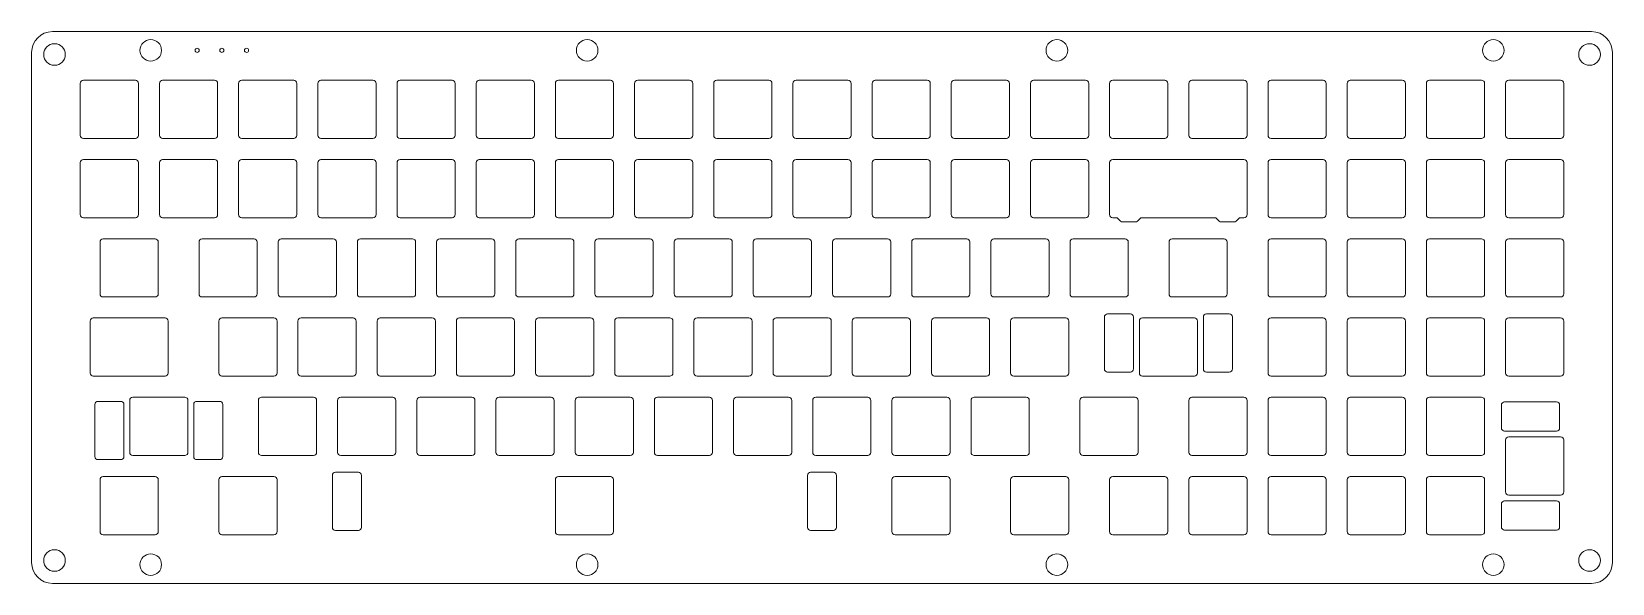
# Model space of a CAD drawing. Header units: millimetres. Extents: x 60 to 3943, y -655 to 1781.
# Drawn here: x 2075.9 to 2456.2, y 399.5 to 532.1 of the extents above; entities that cross this region are included whole.
import ezdxf

# ---------------------------------------------------------------- set-up
doc = ezdxf.new("R2010")
doc.units = ezdxf.units.MM
doc.header["$MEASUREMENT"] = 0

msp = doc.modelspace()

# ---------------------------------------------------------------- linework, layer by layer
at = {"lineweight": 0}
for p, q in [((2080.95, 532.11), (2451.25, 532.11)), ((2075.95, 404.46), (2075.95, 527.11)), ((2456.25, 404.46), (2456.25, 527.11)), ((2335.3, 488.11), (2335.3, 500.61)), ((2336.05, 501.36), (2367.6, 501.36)), ((2368.35, 488.11), (2368.35, 500.61)), ((2336.05, 487.36), (2336.05, 487.36)), ((2336.05, 487.36), (2336.8, 487.36)), ((2337.9, 486.58), (2337.34, 487.14)), ((2341.99, 486.58), (2342.55, 487.14)), ((2343.1, 487.36), (2360.55, 487.36)), ((2361.65, 486.58), (2361.09, 487.14)), ((2365.74, 486.58), (2366.3, 487.14)), ((2367.6, 487.36), (2366.85, 487.36)), ((2367.6, 487.36), (2367.6, 487.36)), ((2338.45, 486.36), (2341.45, 486.36)), ((2362.2, 486.36), (2365.2, 486.36)), ((2451.25, 399.46), (2080.95, 399.46))]:
    msp.add_line(p, q, dxfattribs=at)
for points in [[(2087.65, 519.66), (2087.65, 507.16, 0.414214), (2088.4, 506.41), (2100.9, 506.41, 0.414214), (2101.65, 507.16), (2101.65, 519.66, 0.414214), (2100.9, 520.41), (2088.4, 520.41, 0.414214)], [(2106.7, 519.66), (2106.7, 507.16, 0.414214), (2107.45, 506.41), (2119.95, 506.41, 0.414214), (2120.7, 507.16), (2120.7, 519.66, 0.414214), (2119.95, 520.41), (2107.45, 520.41, 0.414214)], [(2125.75, 519.66), (2125.75, 507.16, 0.414214), (2126.5, 506.41), (2139, 506.41, 0.414214), (2139.75, 507.16), (2139.75, 519.66, 0.414214), (2139, 520.41), (2126.5, 520.41, 0.414214)], [(2144.8, 519.66), (2144.8, 507.16, 0.414214), (2145.55, 506.41), (2158.05, 506.41, 0.414214), (2158.8, 507.16), (2158.8, 519.66, 0.414214), (2158.05, 520.41), (2145.55, 520.41, 0.414214)], [(2163.85, 519.66), (2163.85, 507.16, 0.414214), (2164.6, 506.41), (2177.1, 506.41, 0.414214), (2177.85, 507.16), (2177.85, 519.66, 0.414214), (2177.1, 520.41), (2164.6, 520.41, 0.414214)], [(2182.9, 519.66), (2182.9, 507.16, 0.414214), (2183.65, 506.41), (2196.15, 506.41, 0.414214), (2196.9, 507.16), (2196.9, 519.66, 0.414214), (2196.15, 520.41), (2183.65, 520.41, 0.414214)], [(2201.95, 519.66), (2201.95, 507.16, 0.414214), (2202.7, 506.41), (2215.2, 506.41, 0.414214), (2215.95, 507.16), (2215.95, 519.66, 0.414214), (2215.2, 520.41), (2202.7, 520.41, 0.414214)], [(2221, 519.66), (2221, 507.16, 0.414214), (2221.75, 506.41), (2234.25, 506.41, 0.414214), (2235, 507.16), (2235, 519.66, 0.414214), (2234.25, 520.41), (2221.75, 520.41, 0.414214)], [(2240.05, 519.66), (2240.05, 507.16, 0.414214), (2240.8, 506.41), (2253.3, 506.41, 0.414214), (2254.05, 507.16), (2254.05, 519.66, 0.414214), (2253.3, 520.41), (2240.8, 520.41, 0.414214)], [(2259.1, 519.66), (2259.1, 507.16, 0.414214), (2259.85, 506.41), (2272.35, 506.41, 0.414214), (2273.1, 507.16), (2273.1, 519.66, 0.414214), (2272.35, 520.41), (2259.85, 520.41, 0.414214)], [(2278.15, 519.66), (2278.15, 507.16, 0.414214), (2278.9, 506.41), (2291.4, 506.41, 0.414214), (2292.15, 507.16), (2292.15, 519.66, 0.414214), (2291.4, 520.41), (2278.9, 520.41, 0.414214)], [(2297.2, 519.66), (2297.2, 507.16, 0.414214), (2297.95, 506.41), (2310.45, 506.41, 0.414214), (2311.2, 507.16), (2311.2, 519.66, 0.414214), (2310.45, 520.41), (2297.95, 520.41, 0.414214)], [(2316.25, 519.66), (2316.25, 507.16, 0.414214), (2317, 506.41), (2329.5, 506.41, 0.414214), (2330.25, 507.16), (2330.25, 519.66, 0.414214), (2329.5, 520.41), (2317, 520.41, 0.414214)], [(2335.3, 519.66), (2335.3, 507.16, 0.414214), (2336.05, 506.41), (2348.55, 506.41, 0.414214), (2349.3, 507.16), (2349.3, 519.66, 0.414214), (2348.55, 520.41), (2336.05, 520.41, 0.414214)], [(2354.35, 519.66), (2354.35, 507.16, 0.414214), (2355.1, 506.41), (2367.6, 506.41, 0.414214), (2368.35, 507.16), (2368.35, 519.66, 0.414214), (2367.6, 520.41), (2355.1, 520.41, 0.414214)], [(2373.4, 519.66), (2373.4, 507.16, 0.414214), (2374.15, 506.41), (2386.65, 506.41, 0.414214), (2387.4, 507.16), (2387.4, 519.66, 0.414214), (2386.65, 520.41), (2374.15, 520.41, 0.414214)], [(2392.45, 519.66), (2392.45, 507.16, 0.414214), (2393.2, 506.41), (2405.7, 506.41, 0.414214), (2406.45, 507.16), (2406.45, 519.66, 0.414214), (2405.7, 520.41), (2393.2, 520.41, 0.414214)], [(2411.5, 519.66), (2411.5, 507.16, 0.414214), (2412.25, 506.41), (2424.75, 506.41, 0.414214), (2425.5, 507.16), (2425.5, 519.66, 0.414214), (2424.75, 520.41), (2412.25, 520.41, 0.414214)], [(2430.55, 519.66), (2430.55, 507.16, 0.414214), (2431.3, 506.41), (2443.8, 506.41, 0.414214), (2444.55, 507.16), (2444.55, 519.66, 0.414214), (2443.8, 520.41), (2431.3, 520.41, 0.414214)], [(2087.65, 500.61), (2087.65, 488.11, 0.414214), (2088.4, 487.36), (2100.9, 487.36, 0.414214), (2101.65, 488.11), (2101.65, 500.61, 0.414214), (2100.9, 501.36), (2088.4, 501.36, 0.414214)], [(2106.7, 500.61), (2106.7, 488.11, 0.414214), (2107.45, 487.36), (2119.95, 487.36, 0.414214), (2120.7, 488.11), (2120.7, 500.61, 0.414214), (2119.95, 501.36), (2107.45, 501.36, 0.414214)], [(2125.75, 500.61), (2125.75, 488.11, 0.414214), (2126.5, 487.36), (2139, 487.36, 0.414214), (2139.75, 488.11), (2139.75, 500.61, 0.414214), (2139, 501.36), (2126.5, 501.36, 0.414214)], [(2144.8, 500.61), (2144.8, 488.11, 0.414214), (2145.55, 487.36), (2158.05, 487.36, 0.414214), (2158.8, 488.11), (2158.8, 500.61, 0.414214), (2158.05, 501.36), (2145.55, 501.36, 0.414214)], [(2163.85, 500.61), (2163.85, 488.11, 0.414214), (2164.6, 487.36), (2177.1, 487.36, 0.414214), (2177.85, 488.11), (2177.85, 500.61, 0.414214), (2177.1, 501.36), (2164.6, 501.36, 0.414214)], [(2182.9, 500.61), (2182.9, 488.11, 0.414214), (2183.65, 487.36), (2196.15, 487.36, 0.414214), (2196.9, 488.11), (2196.9, 500.61, 0.414214), (2196.15, 501.36), (2183.65, 501.36, 0.414214)], [(2201.95, 500.61), (2201.95, 488.11, 0.414214), (2202.7, 487.36), (2215.2, 487.36, 0.414214), (2215.95, 488.11), (2215.95, 500.61, 0.414214), (2215.2, 501.36), (2202.7, 501.36, 0.414214)], [(2221, 500.61), (2221, 488.11, 0.414214), (2221.75, 487.36), (2234.25, 487.36, 0.414214), (2235, 488.11), (2235, 500.61, 0.414214), (2234.25, 501.36), (2221.75, 501.36, 0.414214)], [(2240.05, 500.61), (2240.05, 488.11, 0.414214), (2240.8, 487.36), (2253.3, 487.36, 0.414214), (2254.05, 488.11), (2254.05, 500.61, 0.414214), (2253.3, 501.36), (2240.8, 501.36, 0.414214)], [(2259.1, 500.61), (2259.1, 488.11, 0.414214), (2259.85, 487.36), (2272.35, 487.36, 0.414214), (2273.1, 488.11), (2273.1, 500.61, 0.414214), (2272.35, 501.36), (2259.85, 501.36, 0.414214)], [(2278.15, 500.61), (2278.15, 488.11, 0.414214), (2278.9, 487.36), (2291.4, 487.36, 0.414214), (2292.15, 488.11), (2292.15, 500.61, 0.414214), (2291.4, 501.36), (2278.9, 501.36, 0.414214)], [(2297.2, 500.61), (2297.2, 488.11, 0.414214), (2297.95, 487.36), (2310.45, 487.36, 0.414214), (2311.2, 488.11), (2311.2, 500.61, 0.414214), (2310.45, 501.36), (2297.95, 501.36, 0.414214)], [(2316.25, 500.61), (2316.25, 488.11, 0.414214), (2317, 487.36), (2329.5, 487.36, 0.414214), (2330.25, 488.11), (2330.25, 500.61, 0.414214), (2329.5, 501.36), (2317, 501.36, 0.414214)], [(2373.4, 500.61), (2373.4, 488.11, 0.414214), (2374.15, 487.36), (2386.65, 487.36, 0.414214), (2387.4, 488.11), (2387.4, 500.61, 0.414214), (2386.65, 501.36), (2374.15, 501.36, 0.414214)], [(2392.45, 500.61), (2392.45, 488.11, 0.414214), (2393.2, 487.36), (2405.7, 487.36, 0.414214), (2406.45, 488.11), (2406.45, 500.61, 0.414214), (2405.7, 501.36), (2393.2, 501.36, 0.414214)], [(2411.5, 500.61), (2411.5, 488.11, 0.414214), (2412.25, 487.36), (2424.75, 487.36, 0.414214), (2425.5, 488.11), (2425.5, 500.61, 0.414214), (2424.75, 501.36), (2412.25, 501.36, 0.414214)], [(2430.55, 500.61), (2430.55, 488.11, 0.414214), (2431.3, 487.36), (2443.8, 487.36, 0.414214), (2444.55, 488.11), (2444.55, 500.61, 0.414214), (2443.8, 501.36), (2431.3, 501.36, 0.414214)], [(2092.41, 481.56), (2092.41, 469.06, 0.414214), (2093.16, 468.31), (2105.66, 468.31, 0.414214), (2106.41, 469.06), (2106.41, 481.56, 0.414214), (2105.66, 482.31), (2093.16, 482.31, 0.414214)], [(2116.22, 481.56), (2116.22, 469.06, 0.414214), (2116.97, 468.31), (2129.47, 468.31, 0.414214), (2130.22, 469.06), (2130.22, 481.56, 0.414214), (2129.47, 482.31), (2116.97, 482.31, 0.414214)], [(2135.27, 481.56), (2135.27, 469.06, 0.414214), (2136.02, 468.31), (2148.52, 468.31, 0.414214), (2149.27, 469.06), (2149.27, 481.56, 0.414214), (2148.52, 482.31), (2136.02, 482.31, 0.414214)], [(2154.32, 481.56), (2154.32, 469.06, 0.414214), (2155.07, 468.31), (2167.57, 468.31, 0.414214), (2168.32, 469.06), (2168.32, 481.56, 0.414214), (2167.57, 482.31), (2155.07, 482.31, 0.414214)], [(2173.37, 481.56), (2173.37, 469.06, 0.414214), (2174.12, 468.31), (2186.62, 468.31, 0.414214), (2187.37, 469.06), (2187.37, 481.56, 0.414214), (2186.62, 482.31), (2174.12, 482.31, 0.414214)], [(2192.42, 481.56), (2192.42, 469.06, 0.414214), (2193.17, 468.31), (2205.67, 468.31, 0.414214), (2206.42, 469.06), (2206.42, 481.56, 0.414214), (2205.67, 482.31), (2193.17, 482.31, 0.414214)], [(2211.47, 481.56), (2211.47, 469.06, 0.414214), (2212.22, 468.31), (2224.72, 468.31, 0.414214), (2225.47, 469.06), (2225.47, 481.56, 0.414214), (2224.72, 482.31), (2212.22, 482.31, 0.414214)], [(2230.52, 481.56), (2230.52, 469.06, 0.414214), (2231.27, 468.31), (2243.77, 468.31, 0.414214), (2244.52, 469.06), (2244.52, 481.56, 0.414214), (2243.77, 482.31), (2231.27, 482.31, 0.414214)], [(2249.57, 481.56), (2249.57, 469.06, 0.414214), (2250.32, 468.31), (2262.82, 468.31, 0.414214), (2263.57, 469.06), (2263.57, 481.56, 0.414214), (2262.82, 482.31), (2250.32, 482.31, 0.414214)], [(2268.62, 481.56), (2268.62, 469.06, 0.414214), (2269.37, 468.31), (2281.87, 468.31, 0.414214), (2282.62, 469.06), (2282.62, 481.56, 0.414214), (2281.87, 482.31), (2269.37, 482.31, 0.414214)], [(2287.67, 481.56), (2287.67, 469.06, 0.414214), (2288.42, 468.31), (2300.92, 468.31, 0.414214), (2301.67, 469.06), (2301.67, 481.56, 0.414214), (2300.92, 482.31), (2288.42, 482.31, 0.414214)], [(2306.72, 481.56), (2306.72, 469.06, 0.414214), (2307.47, 468.31), (2319.97, 468.31, 0.414214), (2320.72, 469.06), (2320.72, 481.56, 0.414214), (2319.97, 482.31), (2307.47, 482.31, 0.414214)], [(2325.77, 481.56), (2325.77, 469.06, 0.414214), (2326.52, 468.31), (2339.02, 468.31, 0.414214), (2339.77, 469.06), (2339.77, 481.56, 0.414214), (2339.02, 482.31), (2326.52, 482.31, 0.414214)], [(2349.58, 481.56), (2349.58, 469.06, 0.414214), (2350.33, 468.31), (2362.83, 468.31, 0.414214), (2363.58, 469.06), (2363.58, 481.56, 0.414214), (2362.83, 482.31), (2350.33, 482.31, 0.414214)], [(2373.4, 481.56), (2373.4, 469.06, 0.414214), (2374.15, 468.31), (2386.65, 468.31, 0.414214), (2387.4, 469.06), (2387.4, 481.56, 0.414214), (2386.65, 482.31), (2374.15, 482.31, 0.414214)], [(2392.45, 481.56), (2392.45, 469.06, 0.414214), (2393.2, 468.31), (2405.7, 468.31, 0.414214), (2406.45, 469.06), (2406.45, 481.56, 0.414214), (2405.7, 482.31), (2393.2, 482.31, 0.414214)], [(2411.5, 481.56), (2411.5, 469.06, 0.414214), (2412.25, 468.31), (2424.75, 468.31, 0.414214), (2425.5, 469.06), (2425.5, 481.56, 0.414214), (2424.75, 482.31), (2412.25, 482.31, 0.414214)], [(2430.55, 481.56), (2430.55, 469.06, 0.414214), (2431.3, 468.31), (2443.8, 468.31, 0.414214), (2444.55, 469.06), (2444.55, 481.56, 0.414214), (2443.8, 482.31), (2431.3, 482.31, 0.414214)], [(2334.04, 463.51), (2334.04, 451.01, 0.414214), (2334.79, 450.26), (2340.29, 450.26, 0.414214), (2341.04, 451.01), (2341.04, 463.51, 0.414214), (2340.29, 464.26), (2334.79, 464.26, 0.414214)], [(2357.84, 463.51), (2357.84, 451.01, 0.414214), (2358.59, 450.26), (2364.09, 450.26, 0.414214), (2364.84, 451.01), (2364.84, 463.51, 0.414214), (2364.09, 464.26), (2358.59, 464.26, 0.414214)], [(2090.78, 449.26), (2108.04, 449.26, 0.414214), (2108.79, 450.01), (2108.79, 462.51, 0.414214), (2108.04, 463.26), (2090.78, 463.26, 0.414214), (2090.03, 462.51), (2090.03, 450.01, 0.414214)], [(2120.98, 462.51), (2120.98, 450.01, 0.414214), (2121.73, 449.26), (2134.23, 449.26, 0.414214), (2134.98, 450.01), (2134.98, 462.51, 0.414214), (2134.23, 463.26), (2121.73, 463.26, 0.414214)], [(2140.03, 462.51), (2140.03, 450.01, 0.414214), (2140.78, 449.26), (2153.28, 449.26, 0.414214), (2154.03, 450.01), (2154.03, 462.51, 0.414214), (2153.28, 463.26), (2140.78, 463.26, 0.414214)], [(2159.08, 462.51), (2159.08, 450.01, 0.414214), (2159.83, 449.26), (2172.33, 449.26, 0.414214), (2173.08, 450.01), (2173.08, 462.51, 0.414214), (2172.33, 463.26), (2159.83, 463.26, 0.414214)], [(2178.13, 462.51), (2178.13, 450.01, 0.414214), (2178.88, 449.26), (2191.38, 449.26, 0.414214), (2192.13, 450.01), (2192.13, 462.51, 0.414214), (2191.38, 463.26), (2178.88, 463.26, 0.414214)], [(2197.18, 462.51), (2197.18, 450.01, 0.414214), (2197.93, 449.26), (2210.43, 449.26, 0.414214), (2211.18, 450.01), (2211.18, 462.51, 0.414214), (2210.43, 463.26), (2197.93, 463.26, 0.414214)], [(2216.23, 462.51), (2216.23, 450.01, 0.414214), (2216.98, 449.26), (2229.48, 449.26, 0.414214), (2230.23, 450.01), (2230.23, 462.51, 0.414214), (2229.48, 463.26), (2216.98, 463.26, 0.414214)], [(2235.28, 462.51), (2235.28, 450.01, 0.414214), (2236.03, 449.26), (2248.53, 449.26, 0.414214), (2249.28, 450.01), (2249.28, 462.51, 0.414214), (2248.53, 463.26), (2236.03, 463.26, 0.414214)], [(2254.33, 462.51), (2254.33, 450.01, 0.414214), (2255.08, 449.26), (2267.58, 449.26, 0.414214), (2268.33, 450.01), (2268.33, 462.51, 0.414214), (2267.58, 463.26), (2255.08, 463.26, 0.414214)], [(2273.38, 462.51), (2273.38, 450.01, 0.414214), (2274.13, 449.26), (2286.63, 449.26, 0.414214), (2287.38, 450.01), (2287.38, 462.51, 0.414214), (2286.63, 463.26), (2274.13, 463.26, 0.414214)], [(2292.43, 462.51), (2292.43, 450.01, 0.414214), (2293.18, 449.26), (2305.68, 449.26, 0.414214), (2306.43, 450.01), (2306.43, 462.51, 0.414214), (2305.68, 463.26), (2293.18, 463.26, 0.414214)], [(2311.48, 462.51), (2311.48, 450.01, 0.414214), (2312.23, 449.26), (2324.73, 449.26, 0.414214), (2325.48, 450.01), (2325.48, 462.51, 0.414214), (2324.73, 463.26), (2312.23, 463.26, 0.414214)], [(2342.44, 462.51), (2342.44, 450.01, 0.414214), (2343.19, 449.26), (2355.69, 449.26, 0.414214), (2356.44, 450.01), (2356.44, 462.51, 0.414214), (2355.69, 463.26), (2343.19, 463.26, 0.414214)], [(2373.4, 462.51), (2373.4, 450.01, 0.414214), (2374.15, 449.26), (2386.65, 449.26, 0.414214), (2387.4, 450.01), (2387.4, 462.51, 0.414214), (2386.65, 463.26), (2374.15, 463.26, 0.414214)], [(2392.45, 462.51), (2392.45, 450.01, 0.414214), (2393.2, 449.26), (2405.7, 449.26, 0.414214), (2406.45, 450.01), (2406.45, 462.51, 0.414214), (2405.7, 463.26), (2393.2, 463.26, 0.414214)], [(2411.5, 462.51), (2411.5, 450.01, 0.414214), (2412.25, 449.26), (2424.75, 449.26, 0.414214), (2425.5, 450.01), (2425.5, 462.51, 0.414214), (2424.75, 463.26), (2412.25, 463.26, 0.414214)], [(2430.55, 462.51), (2430.55, 450.01, 0.414214), (2431.3, 449.26), (2443.8, 449.26, 0.414214), (2444.55, 450.01), (2444.55, 462.51, 0.414214), (2443.8, 463.26), (2431.3, 463.26, 0.414214)], [(2091.15, 442.46), (2091.15, 429.96, 0.414214), (2091.9, 429.21), (2097.4, 429.21, 0.414214), (2098.15, 429.96), (2098.15, 442.46, 0.414214), (2097.4, 443.21), (2091.9, 443.21, 0.414214)], [(2099.55, 443.46), (2099.55, 430.96, 0.414214), (2100.3, 430.21), (2112.8, 430.21, 0.414214), (2113.55, 430.96), (2113.55, 443.46, 0.414214), (2112.8, 444.21), (2100.3, 444.21, 0.414214)], [(2114.95, 442.46), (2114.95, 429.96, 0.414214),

------------------------------------------------------------------------

Your assignment »
Write out each line of the data that holds the string "ezdxf".

Your response »
import ezdxf
doc = ezdxf.new("R2010")
doc.units = ezdxf.units.MM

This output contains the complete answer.